■ To do
Copy exactly the lines of the data below, beginning with the line with "Motor/1(Rot), Consumo/2(rotacao), Scope1/1" and ending with the line with "F'0 : Constant". Pictures are to be omitted.

(Beginning of The data)

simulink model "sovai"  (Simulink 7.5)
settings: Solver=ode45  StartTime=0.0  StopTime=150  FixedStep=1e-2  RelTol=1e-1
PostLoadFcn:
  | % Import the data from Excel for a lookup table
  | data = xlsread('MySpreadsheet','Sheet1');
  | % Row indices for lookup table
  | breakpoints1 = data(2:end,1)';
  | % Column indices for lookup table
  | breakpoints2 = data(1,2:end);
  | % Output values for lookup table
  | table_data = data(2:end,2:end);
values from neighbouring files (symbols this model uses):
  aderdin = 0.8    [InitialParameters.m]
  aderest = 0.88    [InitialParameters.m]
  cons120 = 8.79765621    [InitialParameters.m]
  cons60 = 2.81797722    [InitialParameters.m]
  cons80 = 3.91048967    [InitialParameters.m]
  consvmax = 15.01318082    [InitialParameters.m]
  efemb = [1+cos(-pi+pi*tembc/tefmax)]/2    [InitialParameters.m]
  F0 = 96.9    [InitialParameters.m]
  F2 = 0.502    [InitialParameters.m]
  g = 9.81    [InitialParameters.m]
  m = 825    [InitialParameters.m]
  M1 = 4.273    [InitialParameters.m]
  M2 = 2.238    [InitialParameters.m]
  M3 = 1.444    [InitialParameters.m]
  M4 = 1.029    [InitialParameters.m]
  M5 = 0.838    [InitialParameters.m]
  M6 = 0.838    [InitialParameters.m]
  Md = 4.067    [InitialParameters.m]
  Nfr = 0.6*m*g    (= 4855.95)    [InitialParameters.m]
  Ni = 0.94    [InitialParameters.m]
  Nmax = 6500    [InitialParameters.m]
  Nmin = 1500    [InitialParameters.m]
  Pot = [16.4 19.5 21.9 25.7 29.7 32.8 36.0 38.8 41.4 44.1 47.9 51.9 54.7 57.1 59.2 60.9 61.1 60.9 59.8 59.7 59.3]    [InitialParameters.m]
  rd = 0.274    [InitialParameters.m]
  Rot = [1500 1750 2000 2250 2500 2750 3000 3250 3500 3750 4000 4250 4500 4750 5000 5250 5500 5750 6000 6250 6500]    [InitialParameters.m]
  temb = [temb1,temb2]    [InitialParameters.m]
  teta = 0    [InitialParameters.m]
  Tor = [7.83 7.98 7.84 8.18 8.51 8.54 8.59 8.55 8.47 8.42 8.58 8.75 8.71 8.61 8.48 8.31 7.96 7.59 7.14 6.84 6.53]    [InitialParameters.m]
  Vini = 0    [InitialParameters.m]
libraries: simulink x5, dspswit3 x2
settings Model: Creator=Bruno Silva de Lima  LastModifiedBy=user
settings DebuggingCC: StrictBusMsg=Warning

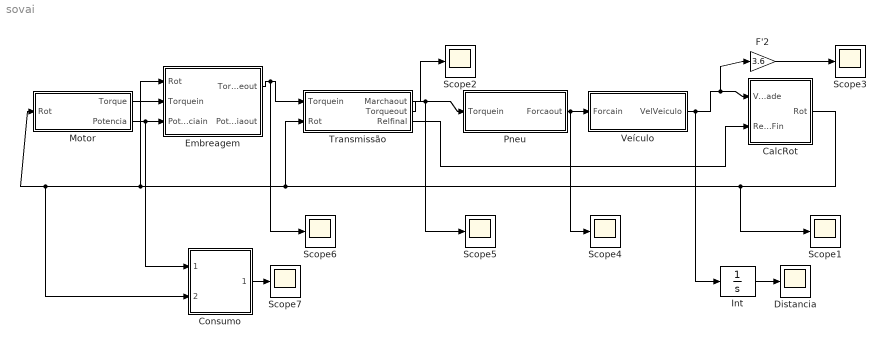
== system sovai ==
  CalcRot : Subsystem
  Consumo : Subsystem
  Distancia : Scope
      settings: SaveName=ScopeData24
  Embreagem : Subsystem  TreatAsAtomicUnit=on
  F'2 : Gain  Gain=3.6  ParameterDataType=fixdt(1, 16)  ParameterScaling=2^0  OutDataType=fixdt(1, 16)  OutScaling=2^0
  Int : Integrator  InitialCondition=Vini
  Motor : Subsystem  TreatAsAtomicUnit=on
  Pneu : Subsystem  TreatAsAtomicUnit=on
  Scope{1..7} (7 alike) : Scope
      Scope1 settings: TimeRange=150  YMin=1500  YMax=6500  MaxDataPoints=200000
      Scope2 settings: SaveName=ScopeData2
      Scope3 settings: TimeRange=0.02579854948784544  YMin=99.96457640249099  YMax=99.99862765668536  SaveName=ScopeData4
      Scope4 settings: SaveName=ScopeData3
      Scope5 settings: SaveName=ScopeData6
      Scope6 settings: SaveName=ScopeData5
      Scope7 settings: SaveName=ScopeData16
  Transmissão : Subsystem  TreatAsAtomicUnit=on
  Veículo : Subsystem  TreatAsAtomicUnit=on
  wires:
  Transmissão/2(Torqueout) -> Pneu/1(Torquein), Scope5/1
  Pneu/1(Forcaout) -> Veículo/1(Forcain), Scope4/1
  Transmissão/3(Relfinal) -> CalcRot/2(RelaçãoFin)
  CalcRot/1(Rot) -> Transmissão/2(Rot), Embreagem/1(Rot), Motor/1(Rot), Consumo/2(rotacao), Scope1/1
  Motor/1(Torque) -> Embreagem/2(Torquein)
  Motor/2(Potencia) -> Embreagem/3(Potênciain), Consumo/1(Potencia)
  Embreagem/1(Torqueout) -> Transmissão/1(Torquein), Scope6/1
  Veículo/1(VelVeiculo) -> CalcRot/1(Velocidade), F'2/1, Int/1
  Transmissão/1(Marchaout) -> Scope2/1
  Consumo/1(consumo) -> Scope7/1
  F'2/1 -> Scope3/1
  Int/1 -> Distancia/1

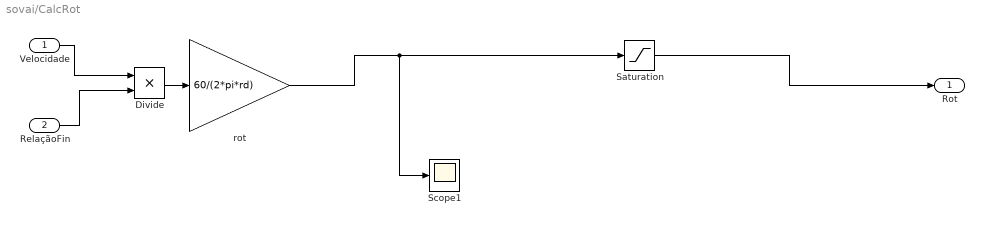
== system sovai/CalcRot ==
  Velocidade : Inport
  RelaçãoFin : Inport  Port=2
  Divide : Product  Inputs=**  OutDataType=fixdt(1, 16)  OutScaling=2^-10
  Saturation : Saturate  UpperLimit=Nmax  LowerLimit=Nmin  OutDataType=fixdt(1, 16)  OutScaling=2^0
  Scope1 : Scope
      settings: SaveName=ScopeData12
  rot : Gain  Gain=60/(2*pi*rd)  ParameterDataType=fixdt(1, 16)  ParameterScaling=2^0  OutDataType=fixdt(1, 16)  OutScaling=2^0
  Rot : Outport
  wires:
  RelaçãoFin/1 -> Divide/2
  Velocidade/1 -> Divide/1
  Divide/1 -> rot/1
  rot/1 -> Scope1/1, Saturation/1
  Saturation/1 -> Rot/1

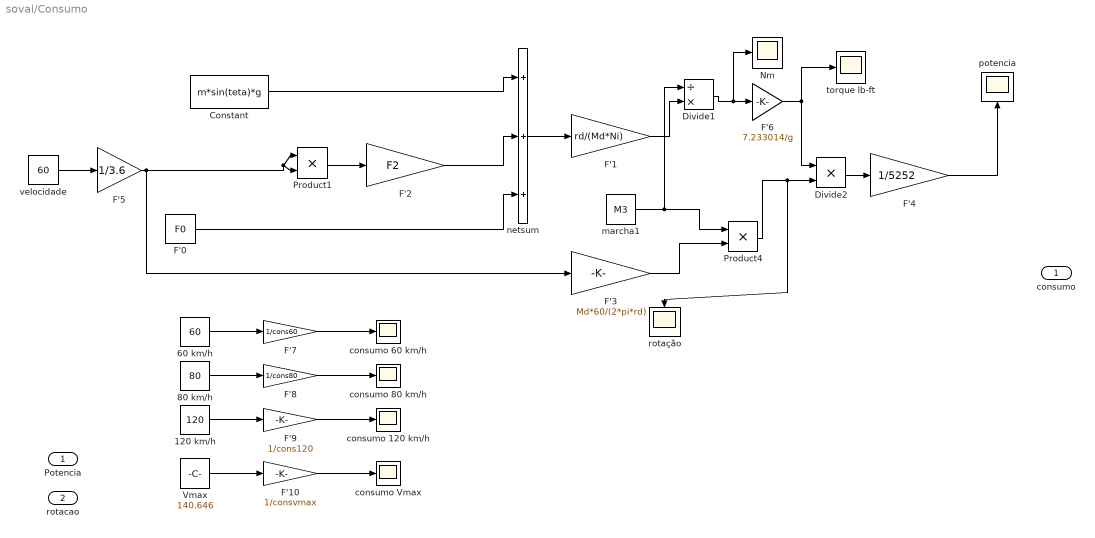
== system sovai/Consumo ==
  Potencia : Inport
  rotacao : Inport  Port=2
  120 km/h : Constant  Value=120  OutDataType=fixdt(1, 16)  OutScaling=2^0
  60 km/h : Constant  Value=60  OutDataType=fixdt(1, 16)  OutScaling=2^0
  80 km/h : Constant  Value=80  OutDataType=fixdt(1, 16)  OutScaling=2^0
  Constant : Constant  Value=m*sin(teta)*g  OutDataType=fixdt(1, 16)  OutScaling=2^0
  Divide1 : Product  Inputs=/*  OutDataType=fixdt(1, 16)  OutScaling=2^-10
  Divide2 : Product  Inputs=**  OutDataType=fixdt(1, 16)  OutScaling=2^-10
  F'0 : Constant  Value=F0  OutDataType=fixdt(1, 16)  OutScaling=2^0
  F'1 : Gain  Gain=rd/(Md*Ni)  ParameterDataType=fixdt(1, 16)  ParameterScaling=2^0  OutDataType=fixdt(1, 16)  OutScaling=2^0
  F'10 : Gain  Gain=1/consvmax  ParameterDataType=fixdt(1, 16)  ParameterScaling=2^0  OutDataType=fixdt(1, 16)  OutScaling=2^0
  F'2 : Gain  Gain=F2  ParameterDataType=fixdt(1, 16)  ParameterScaling=2^0  OutDataType=fixdt(1, 16)  OutScaling=2^0
  F'3 : Gain  Gain=Md*60/(2*pi*rd)  ParameterDataType=fixdt(1, 16)  ParameterScaling=2^0  OutDataType=fixdt(1, 16)  OutScaling=2^0
  F'4 : Gain  Gain=1/5252  ParameterDataType=fixdt(1, 16)  ParameterScaling=2^0  OutDataType=fixdt(1, 16)  OutScaling=2^0
  F'5 : Gain  Gain=1/3.6  ParameterDataType=fixdt(1, 16)  ParameterScaling=2^0  OutDataType=fixdt(1, 16)  OutScaling=2^0
  F'6 : Gain  Gain=7.233014/g  ParameterDataType=fixdt(1, 16)  ParameterScaling=2^0  OutDataType=fixdt(1, 16)  OutScaling=2^0
  F'7 : Gain  Gain=1/cons60  ParameterDataType=fixdt(1, 16)  ParameterScaling=2^0  OutDataType=fixdt(1, 16)  OutScaling=2^0
  F'8 : Gain  Gain=1/cons80  ParameterDataType=fixdt(1, 16)  ParameterScaling=2^0  OutDataType=fixdt(1, 16)  OutScaling=2^0
  F'9 : Gain  Gain=1/cons120  ParameterDataType=fixdt(1, 16)  ParameterScaling=2^0  OutDataType=fixdt(1, 16)  OutScaling=2^0
  Nm : Scope
      settings: SaveName=ScopeData20
  Product1 : Product  OutDataType=fixdt(1, 16)  OutScaling=2^0  RndMeth=Zero
  Product4 : Product  OutDataType=fixdt(1, 16)  OutScaling=2^0  RndMeth=Zero
  Vmax : Constant  Value=140.646  OutDataType=fixdt(1, 16)  OutScaling=2^0
  consumo 120 km/h : Scope
      settings: SaveName=ScopeData22
  consumo 60 km/h : Scope
  consumo 80 km/h : Scope
      settings: SaveName=ScopeData21
  consumo Vmax : Scope
      settings: SaveName=ScopeData23
  marcha1 : Constant  Value=M3  OutDataType=fixdt(1, 16)  OutScaling=2^0
  netsum : Sum  Inputs=+++  OutDataType=sfix(16)  OutScaling=2^0  SaturateOnIntegerOverflow=on  InputSameDT=on  OutDataTypeStr=Inherit: Same as first input
  potencia : Scope
      settings: SaveName=ScopeData18
  rotação : Scope
      settings: SaveName=ScopeData17
  torque lb-ft : Scope
      settings: SaveName=ScopeData19
  velocidade : Constant  Value=60  OutDataType=fixdt(1, 16)  OutScaling=2^0
  consumo : Outport
  wires:
  Constant/1 -> netsum/1
  F'2/1 -> netsum/2
  Product1/1 -> F'2/1
  F'0/1 -> netsum/3
  velocidade/1 -> F'5/1
  netsum/1 -> F'1/1
  F'1/1 -> Divide1/2
  F'3/1 -> Product4/2
  marcha1/1 -> Product4/1, Divide1/1
  Product4/1 -> rotação/1, Divide2/2
  Divide1/1 -> F'6/1, Nm/1
  Divide2/1 -> F'4/1
  F'4/1 -> potencia/1
  F'5/1 -> Product1/1, Product1/2, F'3/1
  F'6/1 -> Divide2/1, torque lb-ft/1
  60 km/h/1 -> F'7/1
  80 km/h/1 -> F'8/1
  120 km/h/1 -> F'9/1
  Vmax/1 -> F'10/1
  F'9/1 -> consumo 120 km/h/1
  F'8/1 -> consumo 80 km/h/1
  F'7/1 -> consumo 60 km/h/1
  F'10/1 -> consumo Vmax/1

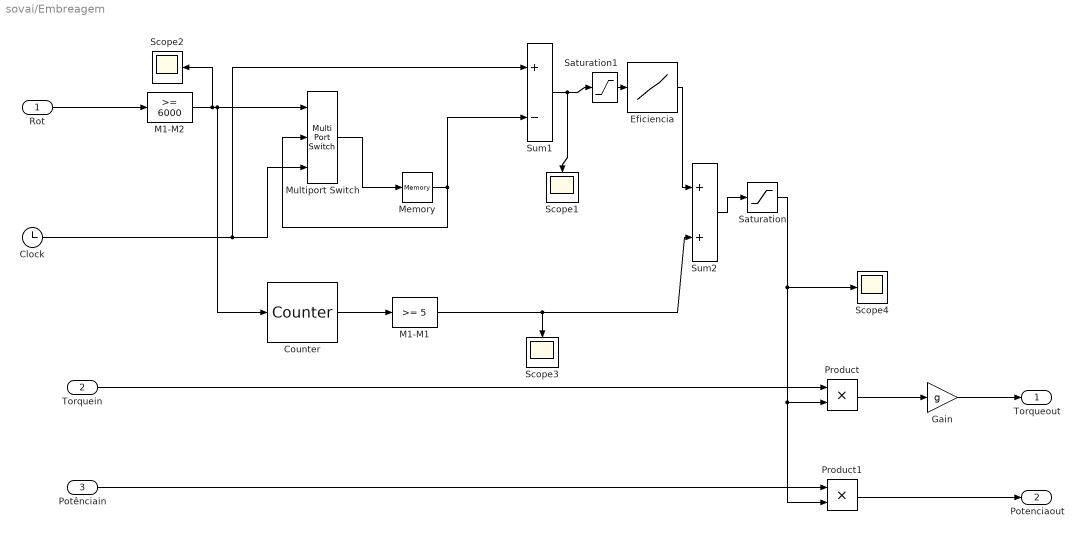
== system sovai/Embreagem ==
  Rot : Inport  OutDataType=fixdt(1, 16)  OutScaling=2^0
  Torquein : Inport  Port=2  OutDataType=fixdt(1, 16)  OutScaling=2^0
  Potênciain : Inport  Port=3  OutDataType=fixdt(1, 16)  OutScaling=2^0
  Clock : Clock
      settings: Decimation=10
  Counter : dspswit3/Counter  Direction=Up  CountEvent=Rising edge  CounterSize=User defined  MaxCount=6  InitialCount=1  Output=Count  HitValue=32  ResetInput=off  SamplesPerFrame=1  Ts=1  CntDtype=double  HitDtype=Logical
  Eficiencia : Lookup  InputValues=temb  Table=efemb  OutDataType=fixdt(1, 16)  OutScaling=2^0
  Gain : Gain  Gain=g  ParameterDataType=fixdt(1, 16)  ParameterScaling=2^0  OutDataType=fixdt(1, 16)  OutScaling=2^0
  M1-M1 : simulink/Logic and Bit Operations/Compare To Constant  SystemSampleTime=-1  relop=>=  const=5  LogicOutDataTypeMode=uint8
  M1-M2 : simulink/Logic and Bit Operations/Compare To Constant  SystemSampleTime=-1  relop=>=  const=6000  LogicOutDataTypeMode=uint8
  Memory : Memory
  Multiport Switch : MultiPortSwitch  DataPortOrder=Zero-based contiguous  Inputs=2  zeroidx=on  OutDataType=fixdt(1, 16)  OutScaling=2^0
  Product : Product  OutDataType=fixdt(1, 16)  OutScaling=2^0  RndMeth=Zero
  Product1 : Product  OutDataType=fixdt(1, 16)  OutScaling=2^0  RndMeth=Zero
  Saturation : Saturate  UpperLimit=1  LowerLimit=0  OutDataType=fixdt(1, 16)  OutScaling=2^0
  Saturation1 : Saturate  UpperLimit=1.5  LowerLimit=0  OutDataType=fixdt(1, 16)  OutScaling=2^0
  Scope{1..4} (4 alike) : Scope
      Scope1 settings: SaveName=ScopeData13
      Scope2 settings: SaveName=ScopeData14
      Scope3 settings: SaveName=ScopeData9
      Scope4 settings: SaveName=ScopeData25
  Sum1 : Sum  Inputs=+-  OutDataType=fixdt(1, 16)  OutScaling=2^0
  Sum2 : Sum  Inputs=2  OutDataType=fixdt(1, 16)  OutScaling=2^0
  Torqueout : Outport  OutDataType=fixdt(1, 16)  OutScaling=2^0
  Potenciaout : Outport  Port=2  OutDataType=fixdt(1, 16)  OutScaling=2^0
  wires:
  Product/1 -> Gain/1
  Product1/1 -> Potenciaout/1
  Torquein/1 -> Product/1
  Potênciain/1 -> Product1/1
  Rot/1 -> M1-M2/1
  Saturation/1 -> Product1/2, Product/2, Scope4/1
  Saturation1/1 -> Eficiencia/1
  Multiport Switch/1 -> Memory/1
  Memory/1 -> Sum1/2, Multiport Switch/2
  Clock/1 -> Multiport Switch/3, Sum1/1
  Sum1/1 -> Saturation1/1, Scope1/1
  Gain/1 -> Torqueout/1
  M1-M2/1 -> Scope2/1, Multiport Switch/1, Counter/1
  Counter/1 -> M1-M1/1
  M1-M1/1 -> Sum2/2, Scope3/1
  Sum2/1 -> Saturation/1
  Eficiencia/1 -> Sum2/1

(End of The data)

■ Exercise response
  CalcRot/1(Rot) -> Transmissão/2(Rot), Embreagem/1(Rot), Motor/1(Rot), Consumo/2(rotacao), Scope1/1
  Motor/1(Torque) -> Embreagem/2(Torquein)
  Motor/2(Potencia) -> Embreagem/3(Potênciain), Consumo/1(Potencia)
  Embreagem/1(Torqueout) -> Transmissão/1(Torquein), Scope6/1
  Veículo/1(VelVeiculo) -> CalcRot/1(Velocidade), F'2/1, Int/1
  Transmissão/1(Marchaout) -> Scope2/1
  Consumo/1(consumo) -> Scope7/1
  F'2/1 -> Scope3/1
  Int/1 -> Distancia/1

== system sovai/CalcRot ==
  Velocidade : Inport
  RelaçãoFin : Inport  Port=2
  Divide : Product  Inputs=**  OutDataType=fixdt(1, 16)  OutScaling=2^-10
  Saturation : Saturate  UpperLimit=Nmax  LowerLimit=Nmin  OutDataType=fixdt(1, 16)  OutScaling=2^0
  Scope1 : Scope
      settings: SaveName=ScopeData12
  rot : Gain  Gain=60/(2*pi*rd)  ParameterDataType=fixdt(1, 16)  ParameterScaling=2^0  OutDataType=fixdt(1, 16)  OutScaling=2^0
  Rot : Outport
  wires:
  RelaçãoFin/1 -> Divide/2
  Velocidade/1 -> Divide/1
  Divide/1 -> rot/1
  rot/1 -> Scope1/1, Saturation/1
  Saturation/1 -> Rot/1

== system sovai/Consumo ==
  Potencia : Inport
  rotacao : Inport  Port=2
  120 km/h : Constant  Value=120  OutDataType=fixdt(1, 16)  OutScaling=2^0
  60 km/h : Constant  Value=60  OutDataType=fixdt(1, 16)  OutScaling=2^0
  80 km/h : Constant  Value=80  OutDataType=fixdt(1, 16)  OutScaling=2^0
  Constant : Constant  Value=m*sin(teta)*g  OutDataType=fixdt(1, 16)  OutScaling=2^0
  Divide1 : Product  Inputs=/*  OutDataType=fixdt(1, 16)  OutScaling=2^-10
  Divide2 : Product  Inputs=**  OutDataType=fixdt(1, 16)  OutScaling=2^-10
  F'0 : Constant  Value=F0  OutDataType=fixdt(1, 16)  OutScaling=2^0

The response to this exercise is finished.